-
Will USB3 solve the imac’s limitations?
I currently have a 3-year-old imac that is showing its age a little bit. I edit and use Color/occasionally Motion. I’m learning Nuke. Not for broadcast so far, but could be in the future.
I can get a second-hand 8 core mac pro at pretty much half the list price. I’m really surprising myself by having doubts.
for the same money I can get a refurb i5 imac with the following advantages:
1. 27 inch screen
2. It’s faster, at least in these tests
https://www.macworld.com/reviews/product/343881/review/27inch_imac_core_i5266ghz.html
3. It has a 1TB HD compared to the mac pro’s 640GB
4. One-year warrantyIt seems to me the two main disadvantages are:
1. Lack of expandability. This is partly offset by the fact that where I live (Hong Kong) imacs have amazing resell value and sell very quickly. If I need more power/better GPU in the future I can sell it and go back to the big glass-fronted sweet shop for a new one, or a refurb.

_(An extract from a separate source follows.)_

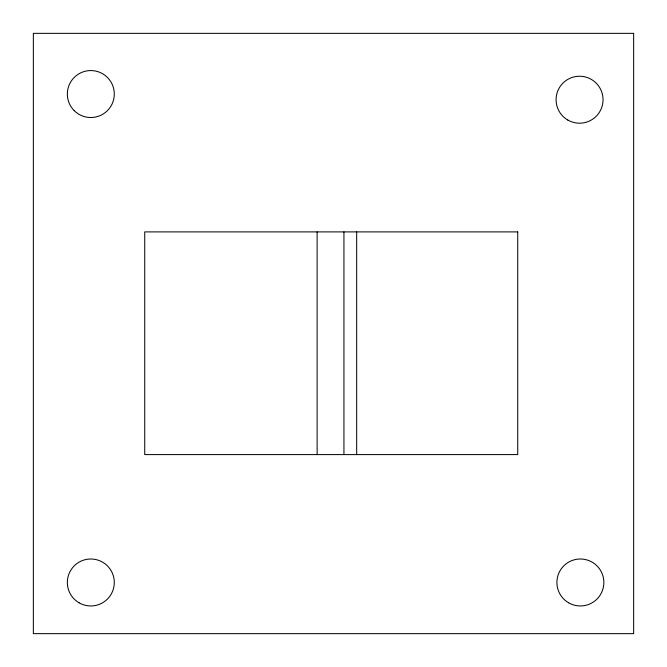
<?xml version="1.0" encoding="UTF-8"?>
<svg xmlns="http://www.w3.org/2000/svg" width="667" height="667" viewBox="0 0 667 667"><rect width="100%" height="100%" fill="white"/><g stroke="black" fill="none" stroke-linecap="round" stroke-linejoin="round"><path stroke-width="1" d="M356.67 231.899L356.67 454.594M343.939 231.899L343.939 454.594M317.125 231.899L317.125 454.594M633.65 33.35L33.35 33.35L33.35 633.65L633.65 633.65L633.65 33.35M517.725 231.899L144.731 231.899L144.731 454.594L517.725 454.594L517.725 231.899M567.817 120.052A23.487 23.487 0 0 0 603.043 99.716A23.487 23.487 0 0 0 567.817 79.381A23.487 23.487 0 0 0 567.817 120.052M568.634 602.81A23.487 23.487 0 0 0 603.86 582.474A23.487 23.487 0 0 0 568.634 562.139A23.487 23.487 0 0 0 568.634 602.81M79.073 602.81A23.487 23.487 0 0 0 114.299 582.474A23.487 23.487 0 0 0 79.073 562.139A23.487 23.487 0 0 0 79.073 602.81M74.212 110.647A23.487 23.487 0 0 0 113.498 100.117A23.487 23.487 0 0 0 84.742 71.361A23.487 23.487 0 0 0 74.212 110.647"/></g></svg>

2. I/O. The imac is limited by firewire 800.So my question is: When better I/O hits the imac, will it make the mac pro less of a necessity?
I assume it will remove the bottleneck for external RAID. I’m a one-man operation so no plans for network SAN, whatever that is. Will it also enable external video monitoring setups? With a card of course. In this area I am completely ignorant. I’d love to have an FSI (or a panny pro) but realistically, it’s not going to be this year whichever computer I get.If USB3/lightpeak will eventually solve these problems, then I think I will stick with imacs and wait it out. If not, I may as well get the mac pro now.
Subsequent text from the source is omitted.